A vast majority of retailers (87 percent) said they are most concerned about general economic conditions and how they might negatively affect sales this holiday season. Still, retailers’ long-term plans reflect confidence in the sector’s health, with 30 percent of companies reporting that they expect to hire at least one-quarter of their seasonal workers as full-time staff after the holiday season.
Responding companies also are expecting to pay more to attract and retain talent this holiday season. In fact, 22 percent intend to increase wages for seasonal employees: 17 percent said they expect to raise hourly pay by 5 to 15 cents from 2012 levels, and 5 percent plan to raise hourly pay by 16 to 30 cents.

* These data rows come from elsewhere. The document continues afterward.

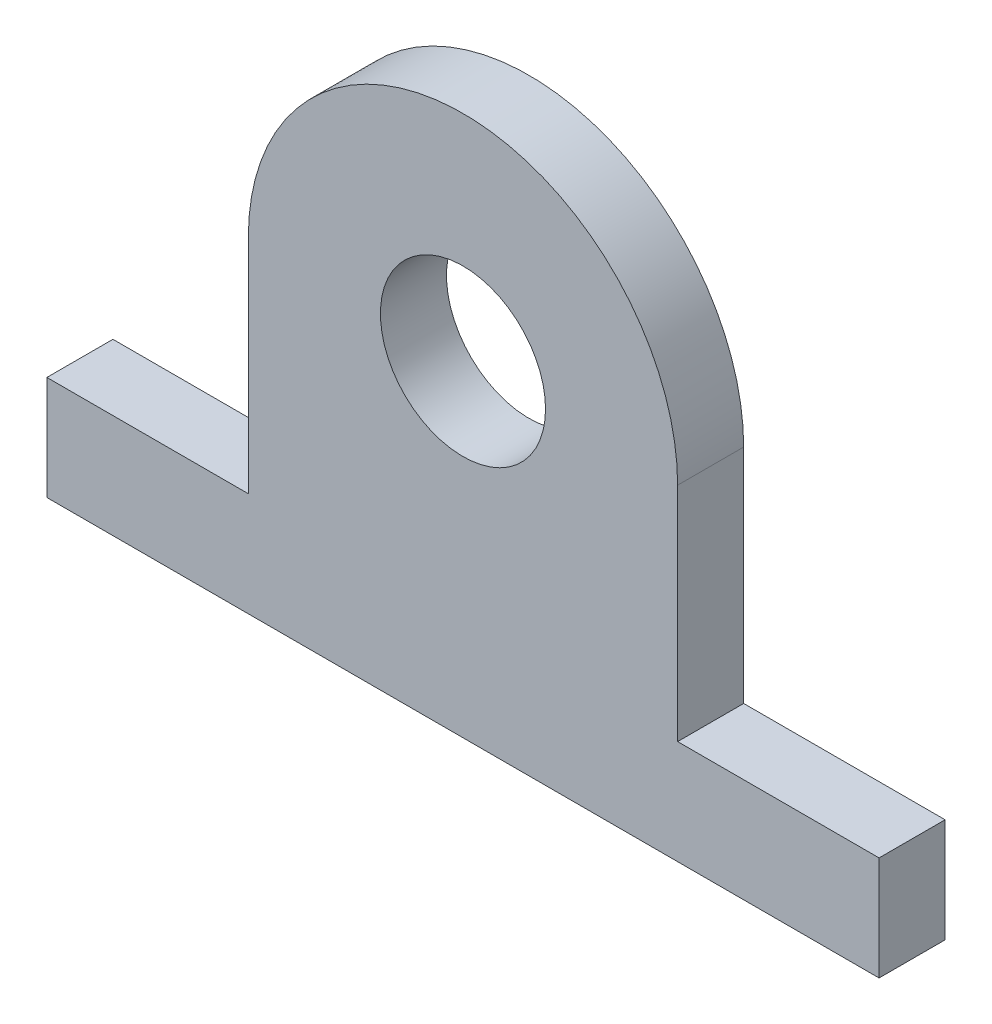
SolidWorks part; units mm, degrees
ref_plane "Front Plane" through (0, 0, 0) normal (0, 0, 1) x (1, 0, 0)
ref_plane "Top Plane" through (0, 0, 0) normal (0, 1, 0) x (1, 0, 0)
ref_plane "Right Plane" through (0, 0, 0) normal (1, 0, 0) x (0, 0, -1)
sketch "Sketch1" plane through (0, 0, 0) normal (0, 0, 1) x (1, 0, 0)
  line L0 (0, 0) -> (0, -31.35) construction
  line L1 (-40.005, -31.35) -> (40.005, -31.35)
  line L2 (-40.005, -31.35) -> (-40.005, -21.35)
  line L3 (-40.005, -21.35) -> (-20.6375, -21.35)
  line L4 (40.005, -31.35) -> (40.005, -21.35)
  line L5 (-40.005, -31.35) -> (40.005, -21.35) construction
  line L6 (-40.005, -21.35) -> (40.005, -31.35) construction
  line L7 (-20.6375, 0) -> (-20.6375, -21.35)
  line L8 (20.6375, 0) -> (20.6375, -21.35)
  line L9 (20.6375, -21.35) -> (40.005, -21.35)
  circle A0 centre (0, 0) radius 7.9375
  arc A1 (20.6375, 0) -> (-20.6375, 0) centre (0, 0) ccw
  circle A2 centre (0, 0) radius 20.6375 construction
  point P4 (0, -26.35)
  dimension "D3" = 21.35
  dimension "D1" = 15.875
  dimension "D2" = 12.7
  dimension "D4" = 10
  dimension "D5" = 80.01
extrude "Boss-Extrude1" add sketch "Sketch1" along normal blind 6.35
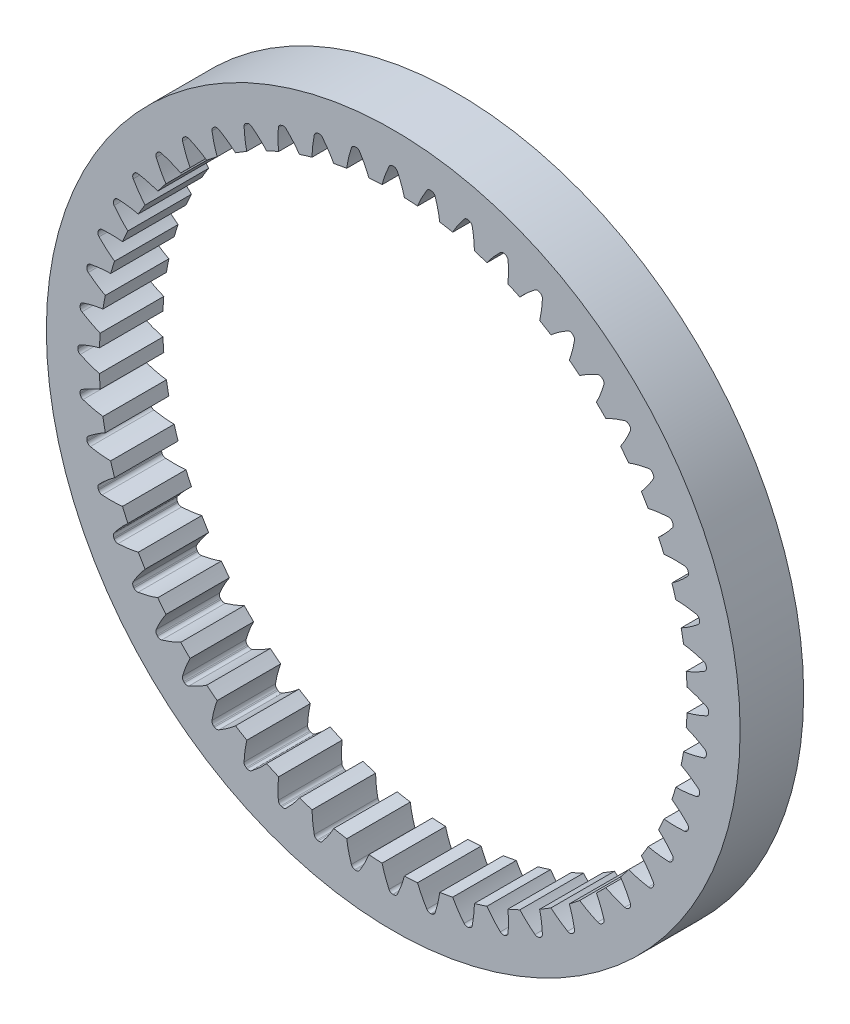
SolidWorks part; units mm, degrees
ref_plane "Front Plane" through (0, 0, 0) normal (0, 0, 1) x (1, 0, 0)
ref_plane "Top Plane" through (0, 0, 0) normal (0, 1, 0) x (1, 0, 0)
ref_plane "Right Plane" through (0, 0, 0) normal (1, 0, 0) x (0, 0, -1)
ref_axis "Axis1" through (0, 0, 2.8875) along (0, 0, -1)
sketch "Sketch3" plane through (0, 0, 0) normal (0, 0, 1) x (1, 0, 0)
  circle A0 centre (0, 0) radius 15.015
  circle A1 centre (0, 0) radius 12.725
  dimension "D1" = 30.03
  dimension "D2" = 25.45
extrude "Boss-Extrude2" add sketch "Sketch3" along normal blind 2.75
sketch "Sketch1" plane through (0, 0, 0) normal (0, 0, 1) x (1, 0, 0)
  line L8 (13.5488, 0.1808) -> (13.5488, -0.1808) construction
  line L10 (12.7158, 0.4827) -> (12.7158, -0.4827)
  line L11 (13.65, 0.0227) -> (13.65, -0.0227)
  circle A0 centre (0, 0) radius 12.725 construction
  circle A4 centre (0, 0) radius 13.65 construction
  arc A5 (13.5488, 0.1808) -> (13.65, 0.0227) centre (13.4753, 0.0224) cw
  arc A6 (13.5488, -0.1808) -> (13.65, -0.0227) centre (13.4753, -0.0224) ccw
  spline S0 degree 4 poles (12.6523, 0.498) (12.6569, 0.4969) (12.6657, 0.4949) (12.6776, 0.4921) (12.7085, 0.4845) (12.7233, 0.4808) (12.761, 0.4711) (12.7837, 0.465) (12.8146, 0.4565) (12.8404, 0.4491) (12.8693, 0.4407) (12.8962, 0.4326) (12.9242, 0.4241) (12.9514, 0.4155) (12.9791, 0.4066) (13.0063, 0.3976) (13.0338, 0.3884) (13.0661, 0.3773) (13.1057, 0.3633) (13.1509, 0.347) (13.2043, 0.3268) (13.2565, 0.3066) (13.3125, 0.284) (13.3618, 0.2638) (13.4214, 0.238) (13.4633, 0.2199) (13.5299, 0.1896) (13.5582, 0.1765) (13.601, 0.1564) (13.619, 0.1477) (13.6288, 0.143) knots 0 0 0 0 0 0.015716 0.031433 0.062363 0.090067 0.117772 0.145476 0.173181 0.200885 0.22859 0.256294 0.283999 0.311703 0.339408 0.367112 0.394817 0.422521 0.471488 0.526897 0.582306 0.637715 0.693124 0.748533 0.803942 0.859351 0.91476 0.95738 1 1 1 1 1 construction
  spline S1 degree 4 poles (12.7158, 0.4827) (12.7218, 0.4812) (12.7335, 0.4782) (12.761, 0.4711) (12.7837, 0.465) (12.8146, 0.4565) (12.8404, 0.4491) (12.8693, 0.4407) (12.8962, 0.4326) (12.9242, 0.4241) (12.9514, 0.4155) (12.9791, 0.4066) (13.0063, 0.3976) (13.0338, 0.3884) (13.0661, 0.3773) (13.1057, 0.3633) (13.1509, 0.347) (13.2043, 0.3268) (13.2565, 0.3066) (13.3125, 0.284) (13.3618, 0.2638) (13.4214, 0.238) (13.4633, 0.2199) (13.5163, 0.1958) (13.5376, 0.186) (13.5488, 0.1808) knots 0.062363 0.062363 0.062363 0.062363 0.062363 0.090067 0.117772 0.145476 0.173181 0.200885 0.22859 0.256294 0.283999 0.311703 0.339408 0.367112 0.394817 0.422521 0.471488 0.526897 0.582306 0.637715 0.693124 0.748533 0.803942 0.859351 0.91476 0.91476 0.91476 0.91476 0.91476
  spline S2 degree 4 poles (12.6523, -0.498) (12.6569, -0.4969) (12.6657, -0.4949) (12.6776, -0.4921) (12.7085, -0.4845) (12.7233, -0.4808) (12.761, -0.4711) (12.7837, -0.465) (12.8146, -0.4565) (12.8404, -0.4491) (12.8693, -0.4407) (12.8962, -0.4326) (12.9242, -0.4241) (12.9514, -0.4155) (12.9791, -0.4066) (13.0063, -0.3976) (13.0338, -0.3884) (13.0661, -0.3773) (13.1057, -0.3633) (13.1509, -0.347) (13.2043, -0.3268) (13.2565, -0.3066) (13.3125, -0.284) (13.3618, -0.2638) (13.4214, -0.238) (13.4633, -0.2199) (13.5299, -0.1896) (13.5582, -0.1765) (13.601, -0.1564) (13.619, -0.1477) (13.6288, -0.143) knots 0 0 0 0 0 0.015716 0.031433 0.062363 0.090067 0.117772 0.145476 0.173181 0.200885 0.22859 0.256294 0.283999 0.311703 0.339408 0.367112 0.394817 0.422521 0.471488 0.526897 0.582306 0.637715 0.693124 0.748533 0.803942 0.859351 0.91476 0.95738 1 1 1 1 1 construction
  spline S3 degree 4 poles (12.7158, -0.4827) (12.7218, -0.4812) (12.7335, -0.4782) (12.761, -0.4711) (12.7837, -0.465) (12.8146, -0.4565) (12.8404, -0.4491) (12.8693, -0.4407) (12.8962, -0.4326) (12.9242, -0.4241) (12.9514, -0.4155) (12.9791, -0.4066) (13.0063, -0.3976) (13.0338, -0.3884) (13.0661, -0.3773) (13.1057, -0.3633) (13.1509, -0.347) (13.2043, -0.3268) (13.2565, -0.3066) (13.3125, -0.284) (13.3618, -0.2638) (13.4214, -0.238) (13.4633, -0.2199) (13.5163, -0.1958) (13.5376, -0.186) (13.5488, -0.1808) knots 0.062363 0.062363 0.062363 0.062363 0.062363 0.090067 0.117772 0.145476 0.173181 0.200885 0.22859 0.256294 0.283999 0.311703 0.339408 0.367112 0.394817 0.422521 0.471488 0.526897 0.582306 0.637715 0.693124 0.748533 0.803942 0.859351 0.91476 0.91476 0.91476 0.91476 0.91476
  dimension "D1" = 25.45
  dimension "D3" = 27.3
extrude "Cut-Extrude2" cut sketch "Sketch1" along normal through all
pattern_circular "CirPattern1" count 52 over 360 about axis through (0, 0, 2.8875) along (0, 0, -1) of "Cut-Extrude2"
sketch "Sketch4" plane through (0, 0, 2.75) normal (0, 0, 1) x (1, 0, 0)
  circle A0 centre (0, 0) radius 17
  circle A1 centre (0, 0) radius 15.015
  circle A2 centre (0, 0) radius 15.015 construction
  dimension "D1" = 34
extrude "width-match" [suppressed] add sketch "Sketch4" against normal up to surface (2.75 mm away)
sketch "Sketch5" plane through (0, 0, 0) normal (0, 0, 1) x (1, 0, 0)
  line L0 (1.8709, 0) -> (-9.8171, 0) construction
  line L1 (18.2, 1.2) -> (18.2, 0) construction
  circle A0 centre (17, 0) radius 1 construction
  arc A1 (18.2, 2.2) -> (18.2, -2.2) centre (18.2, 0) ccw
  arc A2 (18.2, 0.2) -> (18.2, -0.2) centre (18.2, 0) ccw
  arc A4 (18.2, 2.2) -> (18.2, 0.2) centre (18.2, 1.2) cw
  arc A5 (18.2, -2.2) -> (18.2, -0.2) centre (18.2, -1.2) ccw
  dimension "D1" = 2.2
  dimension "D2" = 1
  dimension "D3" = 17
extrude "Cut-Extrude3" [suppressed] cut sketch "Sketch5" against normal through all both and the other way through all
pattern_circular "CirPattern2" [suppressed] count 4 over 360 about axis through (0, 0, 2.8875) along (0, 0, -1)
equation "\"S1_Module\"= 0.5\t\t'tooth per mm"
equation "\"R1_NumTeeth\"= 52"
equation "\"P1_teeth\"= 10"
equation "\"R2_teeth\"= 51"
equation "\"S1_PressureAngle\"= 20'deg. leave unitless"
equation "\"sun_teeth\"= \"R1_NumTeeth\" - 2 * \"P1_teeth\""
equation "\"S2_Module\"= 0.5121951219512195\t\t\t'stage two gear modules CAN be different from stage 1; this makes things a lot more complicated though so try and avoid it if you can"
equation "\"S2_PressureAngle\"= \"S1_PressureAngle\"'stage two pressure angle can be different, but for simplicity keep it the same"
equation "\"S1_carrier_radius\"= \"P1_teeth\" * \"S1_Module\" / 2  + \"sun_teeth\" * \"S1_Module\" / 2"
equation "\"P2_teeth\" = 10"
equation "\"Ring_profile_shift\" = 0.05"
equation "\"Planet_profile_shift\" = -0.05"
equation "\"Planet_broachcutter_offset\" = -0.0"
equation "\"Ring_broachcutter_offset\" = 0.0"
equation "\"Nteeth\"= \"R1_NumTeeth\""
equation "\"module\"= \"S1_Module\""
equation "\"pressure_angle\"= \"S1_PressureAngle\" * pi / 180"
equation "\"x_shift\"= \"Ring_profile_shift\""
equation "\"r_p\"= \"module\" * \"Nteeth\" / 2'pitch circle radius"
equation "\"r_b\"= \"r_p\" * cos ( \"pressure_angle\" )'base circle radius"
equation "\"r_f\"= \"r_p\" + \"module\" * ( 1.25 + \"x_shift\" )"
equation "\"head\"= - 0.4 'Default. A clearance parameter applied to the addendum in internal gears. Removes material for clearance"
equation "\"r_a\"= \"r_p\" - \"module\" * ( 1 - \"x_shift\" + \"head\" ) 'addendum"
equation "\"ttoaddendum\"= sqr ( ( \"r_a\" / \"r_b\" ) * ( \"r_a\" / \"r_b\" ) - 1 )"
equation "\"tmax\"= sqr ( ( ( \"r_f\" - 0.1 ) / \"r_b\" ) ^ 2 - 1 )"
equation "\"toothoffset\"= pi / \"Nteeth\"'Kludge. If odd number of teeth, remove the *0. If even, add a *0. Its to clock the midplane to the void between teeth for alignment in planetary stacks"
equation "\"t_p\"= sqr ( ( \"r_p\" / \"r_b\" ) ^ 2 - 1 )'t at pitch circle"
equation "\"x_p\"= \"r_b\" * ( cos ( \"t_p\" ) + \"t_p\" * sin ( \"t_p\" ) )"
equation "\"y_p\"= \"r_b\" * ( sin ( \"t_p\" ) - \"t_p\" * cos ( \"t_p\" ) )"
equation "\"theta_p\"= atn ( \"y_p\" / \"x_p\" )"
equation "\"des_ang\"= ( pi / 2 - 2 * \"x_shift\" * tan ( \"pressure_angle\" ) ) / \"Nteeth\""
equation "\"delta\"= \"des_ang\" - \"theta_p\""
equation "\"delta2\"= \"delta\" + 2 * pi * ( \"Nteeth\" - 1 ) / \"Nteeth\""
equation "\"height\"=2.75"
equation "\"involute_offset\"= \"Ring_broachcutter_offset\"'Hit CTL+q after changing this or it wont update properly"
equation "\"D1@Sketch1\"=\"r_a\"*2"
equation "\"D1@Sketch3\"=\"r_f\"*2.2"
equation "\"D2@Sketch3\"=(\"r_a\"+\"involute_offset\")*2"
equation "\"D3@Sketch1\"=\"r_f\"*2"
equation "\"D1@CirPattern1\"=\"Nteeth\""
equation "\"D1@Boss-Extrude2\"=\"height\""

Incentives and benefits are expected to go up, too. Discounts remain the most popular reward, with 87 percent of retailers giving employees reduced prices on store merchandise, compared with 71 percent last year. Thirty percent are also promising flexible schedules to seasonal staff, up from 21 percent in 2012.
Target, which is scaling back on temporary holiday employees, will offer more holiday hours to nonholiday staff members first. Wal-Mart has a similar game plan, switching 35,000 of its current temporary employees to part time and another 35,000 from part time to full time, along with hiring a new crop of seasonal workers. Toys ‘R’ Us and Kohl’s noted that they have additional seasonal jobs available helping fulfill orders from their nonstore channels. Online-only retailers are preparing, as well; last year, Amazon hired 50,000 seasonal workers to handle the holiday demand, and this year that number will jump to more than 70,000.
In addition to offering part-timers more hours, retailers are focusing on keeping great talent. Target offered more than a third of last year’s seasonal workers year-round positions after the holidays, and Toys ‘R’ Us retained 15 percent of its seasonal workforce.
The majority of retailers (78 percent) reported that the Affordable Care Act will have no effect on hiring this holiday season. Those that did report an impact said it would lead to fewer full-time workers (9 percent), more part-time workers (9 percent) or no guaranteed time for workers (4 percent).
“Retailers are in thinking mode when it comes to the Affordable Care Act, evaluating the total cost to their organization and weighing that against staffing, brand and other business needs,” said Rowley.